In einem kinotauglichen Traum trat neulich der große Pianist Alfred Brendel auf. Er hatte gerade im Plattenstudio eine Schubert-Sonate aufgenommen, da servierte ihm ein gewisser Hagen einen Vergessenstrunk. Nach der Verkostung befiel Brendel eine tiefe Amnesie. Als Hagen ihm das Band vorspielte, erkannte sich Brendel nicht wieder, bat um einen Laptop und schrieb über das Gehörte einen fulminanten Verriss, den ein angesehenes Musikmagazin umgehend druckte. Leider hatte Brendel auch seine Kontonummer vergessen, so dass der Buchhalter aufschrie – und der Traum endete.

Die Realität ist für alle Beteiligten erlösend. Ein Brendel vergisst nichts Musikalisches, weder Noten noch Pianozeichen, weder Allegroüberschriften noch den Sinn eines Brahms-Intermezzos. Ein Brendel hat so lange über sein Tun gegrübelt, dass er eigene Bänder auch unter Drogen erkennen würde, und zwar zu seiner vollen Zufriedenheit. Trotzdem war der Traum nicht ganz abwegig, denn es gibt einen Alfred Brendel auf einer Tastatur neben der Klaviatur. Seit fast vierzig Jahren ist der Großpianist auch als Musikschriftsteller eine Kapazität.

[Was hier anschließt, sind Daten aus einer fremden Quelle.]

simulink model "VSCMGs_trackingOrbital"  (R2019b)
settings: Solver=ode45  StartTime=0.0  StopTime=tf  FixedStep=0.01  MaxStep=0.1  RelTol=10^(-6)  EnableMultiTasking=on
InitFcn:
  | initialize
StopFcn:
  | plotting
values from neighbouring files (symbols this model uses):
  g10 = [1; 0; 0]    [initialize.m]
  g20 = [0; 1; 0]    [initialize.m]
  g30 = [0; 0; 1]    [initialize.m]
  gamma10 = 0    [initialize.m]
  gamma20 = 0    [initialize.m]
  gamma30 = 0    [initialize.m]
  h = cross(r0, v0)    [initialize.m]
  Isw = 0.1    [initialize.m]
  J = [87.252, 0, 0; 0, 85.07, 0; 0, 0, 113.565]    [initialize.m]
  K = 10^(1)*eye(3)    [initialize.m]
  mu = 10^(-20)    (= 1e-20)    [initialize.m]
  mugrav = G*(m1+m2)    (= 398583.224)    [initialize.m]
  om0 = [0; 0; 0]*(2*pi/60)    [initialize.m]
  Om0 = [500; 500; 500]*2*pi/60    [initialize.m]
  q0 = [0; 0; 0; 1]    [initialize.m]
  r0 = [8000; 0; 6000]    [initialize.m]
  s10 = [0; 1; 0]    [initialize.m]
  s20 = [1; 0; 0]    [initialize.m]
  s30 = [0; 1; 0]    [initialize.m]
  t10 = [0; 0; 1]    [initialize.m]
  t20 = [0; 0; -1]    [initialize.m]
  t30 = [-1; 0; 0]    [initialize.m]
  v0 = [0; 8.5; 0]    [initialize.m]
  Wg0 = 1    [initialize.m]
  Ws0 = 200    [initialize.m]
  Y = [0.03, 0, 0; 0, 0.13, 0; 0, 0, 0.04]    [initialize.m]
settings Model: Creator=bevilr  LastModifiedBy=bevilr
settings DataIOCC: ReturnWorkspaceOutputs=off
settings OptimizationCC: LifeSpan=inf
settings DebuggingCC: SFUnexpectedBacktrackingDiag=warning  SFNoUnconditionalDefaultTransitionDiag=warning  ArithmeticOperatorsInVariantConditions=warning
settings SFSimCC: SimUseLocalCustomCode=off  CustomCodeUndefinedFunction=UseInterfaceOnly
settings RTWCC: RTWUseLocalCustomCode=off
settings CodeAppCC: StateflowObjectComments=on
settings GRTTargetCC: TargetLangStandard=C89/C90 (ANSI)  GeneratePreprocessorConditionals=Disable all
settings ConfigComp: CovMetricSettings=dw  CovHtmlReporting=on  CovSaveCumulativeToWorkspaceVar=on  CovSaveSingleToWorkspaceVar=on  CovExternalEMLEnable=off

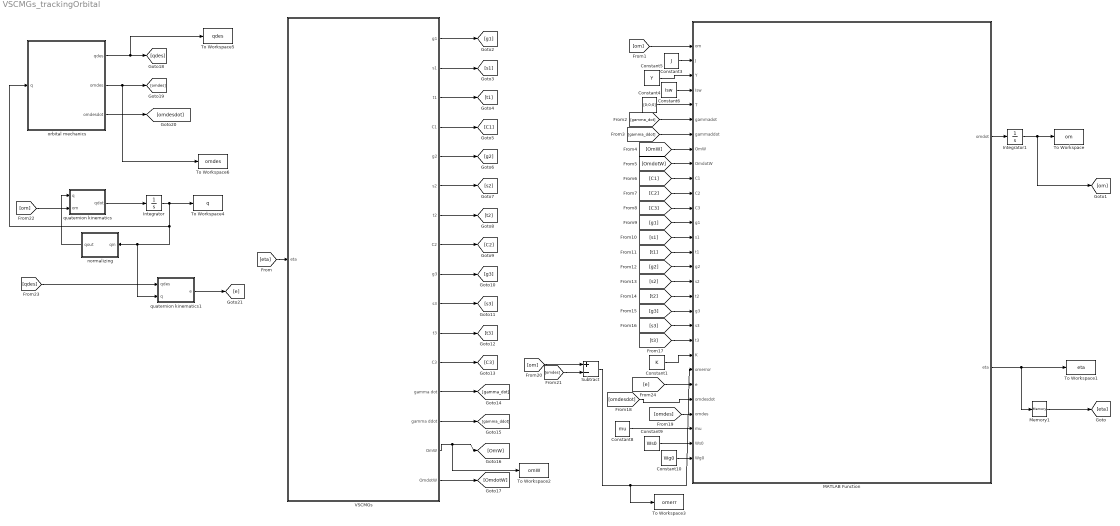
== system VSCMGs_trackingOrbital ==
  Constant1 : Constant  Value=K
  Constant10 : Constant  Value=Wg0
  Constant3 : Constant  Value=J
  Constant4 : Constant  Value=[0;0;0]
  Constant5 : Constant  Value=Y
  Constant6 : Constant  Value=Isw
  Constant8 : Constant  Value=mu
  Constant9 : Constant  Value=Ws0
  Integrator : Integrator  InitialCondition=q0
  Integrator1 : Integrator  InitialCondition=om0
  MATLAB Function : MATLAB Function  TreatAsAtomicUnit=on
  Memory1 : Memory
  Subtract : Sum  Inputs=+-
  To Workspace : ToWorkspace  VariableName=om  SampleTime=-1
  To Workspace1 : ToWorkspace  VariableName=eta  SampleTime=-1
  To Workspace2 : ToWorkspace  VariableName=omW  SampleTime=-1
  To Workspace3 : ToWorkspace  VariableName=omerr  SampleTime=-1
  To Workspace4 : ToWorkspace  VariableName=q  SampleTime=-1
  To Workspace5 : ToWorkspace  VariableName=qdes  SampleTime=-1
  To Workspace6 : ToWorkspace  VariableName=omdes  SampleTime=-1
  VSCMGs : Subsystem
  normalizing : MATLAB Function  TreatAsAtomicUnit=on
  "orbital mechanics " : Subsystem
  quaternion kinematics : MATLAB Function  TreatAsAtomicUnit=on
  quaternion kinematics1 : MATLAB Function  TreatAsAtomicUnit=on
  wires:
  Constant3/1 -> MATLAB Function/2(J)
  Constant4/1 -> MATLAB Function/5(T)
  MATLAB Function/1(omdot) -> Integrator1/1
  Constant5/1 -> MATLAB Function/3(Y)
  Constant6/1 -> MATLAB Function/4(Isw)
  Constant1/1 -> MATLAB Function/22(K)
  Integrator1/1 -> [om], To Workspace/1
  [e] -> MATLAB Function/24(e)
  MATLAB Function/2(eta) -> To Workspace1/1, Memory1/1
  Constant8/1 -> MATLAB Function/27(mu)
  Constant9/1 -> MATLAB Function/28(Ws0)
  Constant10/1 -> MATLAB Function/29(Wg0)
  Memory1/1 -> [eta]
  [om] -> MATLAB Function/1(om)
  VSCMGs/1(g1) -> [g1]
  VSCMGs/2(s1) -> [s1]
  VSCMGs/3(t1) -> [t1]
  VSCMGs/4(C1) -> [C1]
  VSCMGs/5(g2) -> [g2]
  VSCMGs/6(s2) -> [s2]
  VSCMGs/7(t2) -> [t2]
  VSCMGs/8(C2) -> [C2]
  VSCMGs/9(g3) -> [g3]
  VSCMGs/10(s3) -> [s3]
  VSCMGs/11(t3) -> [t3]
  VSCMGs/12(C3) -> [C3]
  VSCMGs/13("gamma dot ") -> [gamma_dot]
  VSCMGs/14(gamma ddot) -> [gamma_ddot]
  VSCMGs/15(OmW) -> To Workspace2/1, [OmW]
  VSCMGs/16(OmdotW) -> [OmdotW]
  [gamma_dot] -> MATLAB Function/6(gammadot)
  [gamma_ddot] -> MATLAB Function/7(gammaddot)
  [OmW] -> MATLAB Function/8(OmW)
  [OmdotW] -> MATLAB Function/9(OmdotW)
  [C1] -> MATLAB Function/10(C1)
  [C2] -> MATLAB Function/11(C2)
  [C3] -> MATLAB Function/12(C3)
  [g1] -> MATLAB Function/13(g1)
  [s1] -> MATLAB Function/14(s1)
  [t1] -> MATLAB Function/15(t1)
  [g2] -> MATLAB Function/16(g2)
  [s2] -> MATLAB Function/17(s2)
  [t2] -> MATLAB Function/18(t2)
  [g3] -> MATLAB Function/19(g3)
  [s3] -> MATLAB Function/20(s3)
  [t3] -> MATLAB Function/21(t3)
  [eta] -> VSCMGs/1(eta)
  "orbital mechanics "/1(qdes) -> To Workspace5/1, [qdes]
  "orbital mechanics "/2(omdes) -> To Workspace6/1, [omdes]
  "orbital mechanics "/3(omdesdot) -> [omdesdot]
  [omdesdot] -> MATLAB Function/25(omdesdot)
  [omdes] -> MATLAB Function/26(omdes)
  [om] -> Subtract/1
  [omdes] -> Subtract/2
  Subtract/1 -> To Workspace3/1, MATLAB Function/23(omerror)
  quaternion kinematics/1(qdot) -> Integrator/1
  [om] -> quaternion kinematics/2(om)
  Integrator/1 -> "orbital mechanics "/1(q), quaternion kinematics1/2(q), normalizing/1(qin), To Workspace4/1
  normalizing/1(qout) -> quaternion kinematics/1(q)
  quaternion kinematics1/1(e) -> [e]
  [qdes] -> quaternion kinematics1/1(qdes)

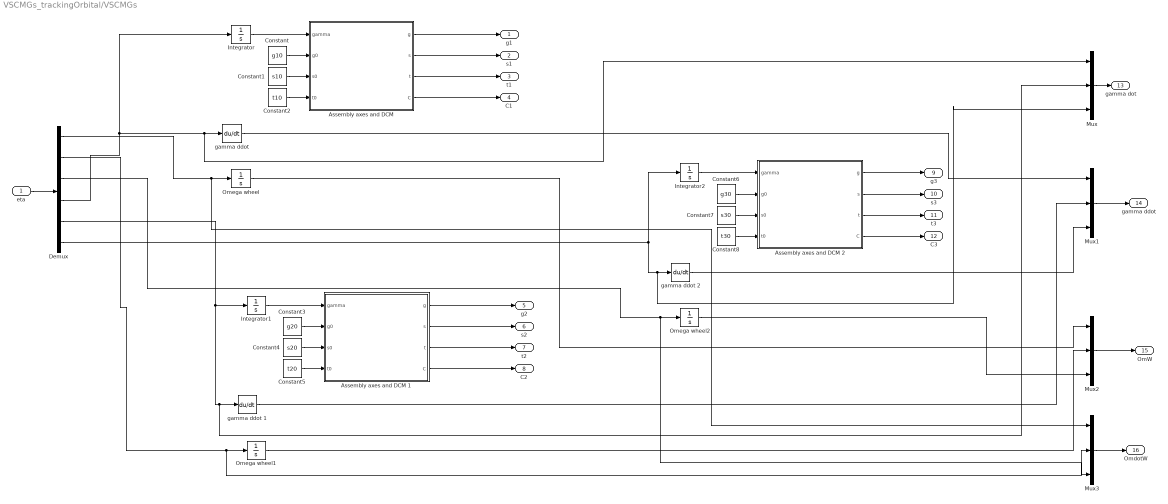
== system VSCMGs_trackingOrbital/VSCMGs ==
  eta : Inport
  "Assembly axes and DCM " : MATLAB Function  TreatAsAtomicUnit=on
  Assembly axes and DCM 1 : MATLAB Function  TreatAsAtomicUnit=on
  Assembly axes and DCM 2 : MATLAB Function  TreatAsAtomicUnit=on
  Constant : Constant  Value=g10
  Constant1 : Constant  Value=s10
  Constant2 : Constant  Value=t10
  Constant3 : Constant  Value=g20
  Constant4 : Constant  Value=s20
  Constant5 : Constant  Value=t20
  Constant6 : Constant  Value=g30
  Constant7 : Constant  Value=s30
  Constant8 : Constant  Value=t30
  Demux : Demux  Outputs=6
  Integrator : Integrator  InitialCondition=gamma10
  Integrator1 : Integrator  InitialCondition=gamma20
  Integrator2 : Integrator  InitialCondition=gamma30
  Mux{,1..3} (4 alike) : Mux  Inputs=3
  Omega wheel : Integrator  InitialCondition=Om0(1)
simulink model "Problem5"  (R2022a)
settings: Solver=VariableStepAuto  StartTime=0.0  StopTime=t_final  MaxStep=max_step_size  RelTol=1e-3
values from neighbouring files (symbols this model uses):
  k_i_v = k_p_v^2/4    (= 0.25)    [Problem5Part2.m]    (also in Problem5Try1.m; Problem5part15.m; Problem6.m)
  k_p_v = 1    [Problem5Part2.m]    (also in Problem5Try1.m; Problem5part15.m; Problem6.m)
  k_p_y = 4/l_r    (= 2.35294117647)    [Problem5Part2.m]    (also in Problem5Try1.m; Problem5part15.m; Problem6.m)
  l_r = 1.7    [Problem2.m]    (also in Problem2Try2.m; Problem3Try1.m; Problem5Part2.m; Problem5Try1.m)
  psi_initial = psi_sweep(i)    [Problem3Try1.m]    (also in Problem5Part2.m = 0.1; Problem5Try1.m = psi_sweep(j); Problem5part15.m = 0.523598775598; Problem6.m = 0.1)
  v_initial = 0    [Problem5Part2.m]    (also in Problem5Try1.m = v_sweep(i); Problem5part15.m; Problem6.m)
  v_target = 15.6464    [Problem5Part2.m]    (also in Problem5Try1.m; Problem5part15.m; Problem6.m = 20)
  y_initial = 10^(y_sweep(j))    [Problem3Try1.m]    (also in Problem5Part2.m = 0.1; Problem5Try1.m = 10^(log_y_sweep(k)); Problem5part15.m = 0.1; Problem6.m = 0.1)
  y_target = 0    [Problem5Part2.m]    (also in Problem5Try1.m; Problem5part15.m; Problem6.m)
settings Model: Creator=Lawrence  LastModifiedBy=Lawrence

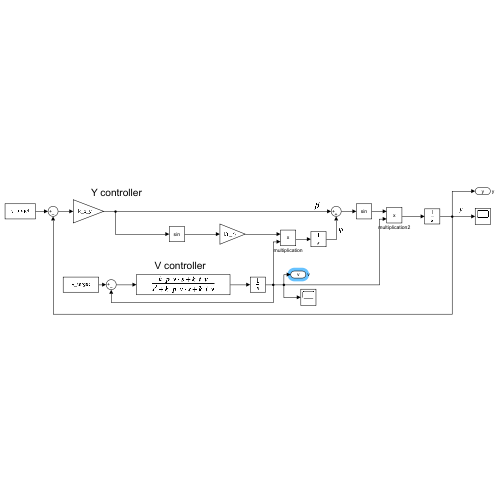
[thumbnail: Simulink's stored preview of the top-level diagram]
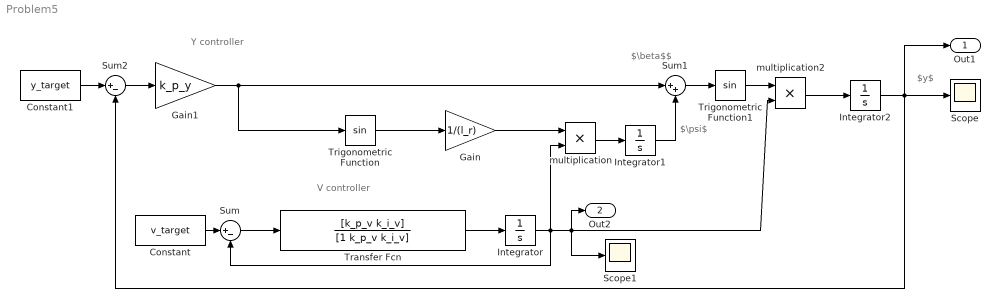
== system Problem5 ==
  note: $y$
  note: $\psi$
  note: $\beta$$
  note: V controller
  note: Y controller
  Constant : Constant  Value=v_target
  Constant1 : Constant  Value=y_target
  Gain : Gain  Gain=1/(l_r)
  Gain1 : Gain  Gain=k_p_y
  Integrator : Integrator  InitialCondition=v_initial
  Integrator1 : Integrator  InitialCondition=psi_initial
  Integrator2 : Integrator  InitialCondition=y_initial
  Scope : Scope
  Scope1 : Scope
  Sum : Sum  Inputs=|+-
  Sum1 : Sum  Inputs=|++
  Sum2 : Sum  Inputs=|+-
  Transfer Fcn : TransferFcn  Numerator=[k_p_v k_i_v]  Denominator=[1 k_p_v k_i_v]
  Trigonometric Function : Trigonometry
  Trigonometric Function1 : Trigonometry
  multiplication : Product
  multiplication2 : Product
  Out1 : Outport  SignalName=y
  Out2 : Outport  Port=2  SignalName=v
  wires:
  Constant/1 -> Sum/1
  Integrator/1 -> Sum/2, Out2/1, Scope1/1, multiplication2/2, multiplication/2
  Trigonometric Function/1 -> Gain/1
  Gain/1 -> multiplication/1
  multiplication/1 -> Integrator1/1
  Gain1/1 -> Sum1/1, Trigonometric Function/1
  Integrator1/1 -> Sum1/2
  Sum1/1 -> Trigonometric Function1/1
  Trigonometric Function1/1 -> multiplication2/1
  multiplication2/1 -> Integrator2/1
  Integrator2/1 -> Out1/1, Scope/1, Sum2/2
  Constant1/1 -> Sum2/1
  Sum2/1 -> Gain1/1
  Sum/1 -> Transfer Fcn/1
  Transfer Fcn/1 -> Integrator/1
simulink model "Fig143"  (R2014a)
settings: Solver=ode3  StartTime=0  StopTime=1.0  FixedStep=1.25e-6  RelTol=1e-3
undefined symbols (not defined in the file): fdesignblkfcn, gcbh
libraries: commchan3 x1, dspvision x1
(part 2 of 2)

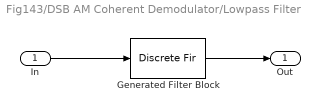
== system Fig143/DSB AM Coherent Demodulator/Lowpass Filter ==
  In : Inport
  Generated Filter Block : DiscreteFir  Tag=BlockMethodSubSystem  Coefficients=[-0.00057859688975185738 -6.35256277029553e-05 -6.6899114889850493e-05 -7.0281827960871793e-05 -7.3755351620815581e-05 -7.7281620436689229e-05 -8.0955339246433964e-05 -8.4741014547221765e-05 -8.8716681501664857e-05 -9.2804956015786759e-05 -9.7011832885440233e-05 -0.00010117277677704965 -0.00010523527131728794 -0.00010911832545827151 -0.0001132200572242036 -0.00011870380142134807 -0.0001223938337521984 -0.00012707547587606646 -0.00013168153095303027 -0.00013630632656693429 -0.00014098959404846851 -0.00014565768901793412 -0.00015036751189584986 -0.00015508317751360986 -0.00015989839112079217 -0.00016478428530502132 -0.00016977371829684953 -0.00017472486947335254 -0.00017961349729115006 -0.0001845086269574527 -0.00018981750890000542 -0.00019462827057295431 -0.00019973333272719498 -0.00020475213106112543 -0.00020981861576037196 -0.00021487383699145892 -0.00021994973669119973 -0.00022497635704710775 -0.00022998243962760856 -0.00023492996768797347 -0.00023988780074650251 -0.00024482287125012528 -0.00024973092147009709 -0.00025450987438401901 -0.00025926595722090747 -0.00026413170431046587 -0.00026875394628219002 -0.00027341954828335189 -0.00027798818353924636 -0.00028247520555216646 -0.00028690943023139794 -0.00029125831579633604 -0.00029554121694236004 -0.00029971003614987944 -0.00030378724448751923 -0.00030775923004007255 -0.0003116652784170316 -0.0003154467810397892 -0.00031907216012451239 -0.00032255402999286205 -0.00032601633826258286 -0.00032922270528635623 -0.00033237768676459671 -0.00033534831204427542 -0.00033818405667717294 -0.0003408586790543821 -0.00034339125192604157 -0.00034575833201190575 -0.00034795783281476656 -0.0003499640469809774 -0.00035179970396299312 -0.00035347126049569414 -0.00035497251683629783 -0.00035624794191293927 -0.00035732710181107411 -0.0003582645232880809 -0.00035893291678177697 -0.00035944498726020896 -0.0003597273271108813 -0.00035979667075526541 -0.00035964962004105639 -0.00035928975909587464 -0.00035872028957678311 -0.00035792796280648809 -0.0003568994240540809 -0.00035563836094284682 -0.00035416192109959273 -0.0003524639466529114 -0.00035050777285215755 -0.0003483109199713432 -0.00034591371695841488 -0.00034323152655581132 -0.00034034717782725055 -0.00033720912903652522 -0.00033382828675307456 -0.00033020084998634553 -0.0003263276821940087 -0.00032222163068519404 -0.00031787156028796946 -0.0003132742273297317 -0.0003084241982930388 -0.00030334935127542732 -0.0002980414387133588 -0.00029248546570690331 -0.00028668430648627754 -0.00028067956702794433 -0.00027440012529513224 -0.00026792603312626208 -0.00026120908684808882 -0.00025427818105373264 -0.00024711545656046051 -0.00023974055790001498 -0.00023215316921681273 -0.00022436741182116766 -0.00021636500516399672 -0.00020815930150700857 -0.00019975796547074345 -0.00019118011791842198 -0.00018240017959679673 -0.00017344473934354529 -0.00016432838728540485 -0.00015502040997375787 -0.00014556719313405946 -0.00013595528488185383 -0.00012619312289878585 -0.00011628713680748577 -0.00010623574516126244 -9.6063476140277669e-05 -8.5769623588529418e-05 -7.5363363169351529e-05 -6.4837817787230176e-05 -5.4221459480107955e-05 -4.3514878732297787e-05 -3.2720930906878138e-05 -2.1846612118911176e-05 -1.0924004427974743e-05 8.5538825744259882e-08 1.1123166178379795e-05 2.2211698185801336e-05 3.3320437333906163e-05 4.4458591148998066e-05 5.5609251002188519e-05 6.6764965200967192e-05 7.7905888116062321e-05 8.9034979293042696e-05 0.00010014143595785346 0.00011121273753790788 0.00012223133468567012 0.00013320380013046875 0.00014410680660626167 0.00015492422537374329 0.00016567393747767716 0.00017631772634519417 0.00018686143960864389 0.00019728449323855887 0.00020758396698667444 0.00021775296893650697 0.00022777618572961697 0.00023764041634039788 0.00024733948908171633 0.00025686888723354211 0.00026621289494987847 0.00027536097142532076 0.0002843143801302145 0.00029305473622739985 0.00030156487121911718 0.00030986091793204609 0.00031791055153275303 ...(+32531 chars)]  InputProcessing=Columns as channels (frame based)
  Out : Outport
  wires:
  In/1 -> Generated Filter Block/1
  Generated Filter Block/1 -> Out/1
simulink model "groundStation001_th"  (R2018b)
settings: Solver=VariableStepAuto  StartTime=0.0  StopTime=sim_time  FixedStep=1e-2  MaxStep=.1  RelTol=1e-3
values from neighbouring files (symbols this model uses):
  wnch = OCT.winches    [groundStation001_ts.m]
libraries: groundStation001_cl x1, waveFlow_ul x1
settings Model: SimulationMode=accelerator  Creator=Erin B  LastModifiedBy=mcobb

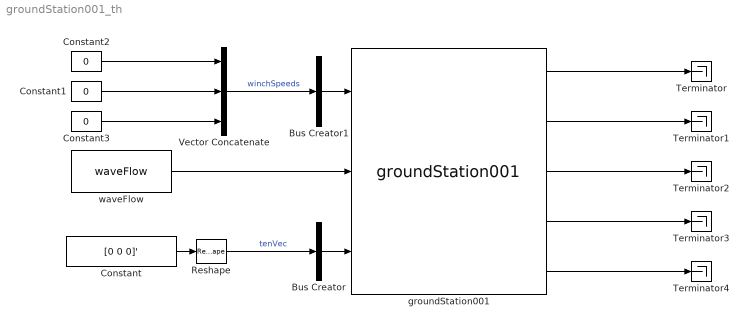
== system groundStation001_th ==
  Bus Creator : BusCreator  Inputs=1  OutDataTypeStr=Bus: thrTenVecBus  NonVirtualBus=on
  Bus Creator1 : BusCreator  Inputs=1  OutDataTypeStr=Bus: gndStnCtrlBus  NonVirtualBus=on
  Constant : Constant  Value=[0 0 0]'
  Constant1 : Constant  Value=0
  Constant2 : Constant  Value=0
  Constant3 : Constant  Value=0
  Reshape : Reshape  OutputDimensionality=Column vector (2-D)
  Terminator{,1..4} (5 alike) : Terminator
  Vector Concatenate : Concatenate  NumInputs=3
  groundStation001 : groundStation001_cl/groundStation001  gs=gndStn  e=env  numNodes=gndStn.anchThrs.numNodes.Value  anchWnchStruct=wnch.struct('OCT.winch')
  waveFlow : waveFlow_ul/waveFlow  e=env.water
  wires:
  groundStation001/1 -> Terminator/1
  Bus Creator/1 -> groundStation001/3
  Reshape/1 -> Bus Creator/1  "tenVec"
  Bus Creator1/1 -> groundStation001/1
  waveFlow/1 -> groundStation001/2
  Vector Concatenate/1 -> Bus Creator1/1  "winchSpeeds"
  Constant1/1 -> Vector Concatenate/2
  Constant2/1 -> Vector Concatenate/1
  Constant3/1 -> Vector Concatenate/3
  Constant/1 -> Reshape/1
  groundStation001/2 -> Terminator1/1
  groundStation001/3 -> Terminator2/1
  groundStation001/4 -> Terminator3/1
  groundStation001/5 -> Terminator4/1

Als Pianist wie als Autor strebt Brendel stets aufs Gesamtmassiv

So berühmt wie seine Platten wurden seine Texte nicht, trotzdem gelten sie unter Gutbebücherten als tiefsinnige und glänzend formulierte Erörterungen zu allen Fragen der (Klavier-)Musik. Seit 1966 erschienen sie als Beihefttexte, Essays für Zeitschriften, Buchaufsätze; vor genau zwanzig Jahren ehrte Brendel die ZEIT mit Ermahnungen eines Mozartspielers an sich selbst. Jetzt wurden sie, mit ein paar neuen Beiträgen, zu seinem 75. Geburtstag im Januar 2006, in einem Sammelband gebündelt, welcher den knöchern-bescheidenen Titel Über Musik trägt .

Auf die Höhe des Spielens und des Schreibens gelangt der Künstler nicht nur durch das Handwerk, sondern auch über beider gemeinsames Basislager: das Nachdenken. Als Pianist wie als Autor strebt Brendel, der sich das Arbeiten gern schwer macht, nach der spirituellen Bewältigung des Gesamtmassivs. Noten sind bloß Klettersteige, das Gedachte liegt neben, über, unter und hinter ihnen. Um dieses Gedachte zu begreifen, ist Brendel keine Gründlichkeit zu gering, denn der Komponist ist seine höchste Instanz. Wenn Brendel Klavier spielt, fühlt er sich »eingeklemmt zwischen dem Komponisten und dem Publikum«, dies ist eine ihm sehr angenehme Haltung.

Dem Autor Brendel geht es genauso, gern denkt er an den Leser. Er meidet jedes Fachchinesisch, ohne ein Jota unter Niveau zu bleiben. Das führt dazu, dass beim Lesen die Musik tatsächlich zu klingen beginnt – wenn Brendel etwa in Beethovens früher Sonate f-moll die Verwandlungen von »Jekyll in Hyde« oder ein »synkopisches Wetterleuchten« erkennt, »das dem kleinen Gewitter in der Durchführung voranging«. Der Schriftsteller Brendel, der im Drittberuf satirische Gedichte schreibt, hat überdies ein köstlich leisetreterisches Verhältnis zum Humor. Zu Liszts h-moll-Sonate verkündet Brendel, »dass keines der Themen enttäuscht«. Den Beweis liefert er mit brendelianischer Strenge. Überaus ernst beantwortet er auch die Frage: »Gibt es eigentlich lustige Musik?«

Natürlich kreist der schreibende Interpret Brendel am liebsten um seine Liebsten: Mozart, Beethoven, Schubert, Liszt. Ihre Werke stehen vor ihm auf dem Flügel mit dem brennenden Wunsch, »ständig neu belebt (wenn nicht wachgeküsst)« zu werden. Einmal weitete der Autor Brendel seinen Umgang auf andere Literatur aus, wurde dabei ungehalten und verfasste eine »Warnung vor einem Musiklexikon«, welches »ein Zeugnis traurigen Versagens auf allen Ebenen« biete. Der Verlag konnte es einstampfen.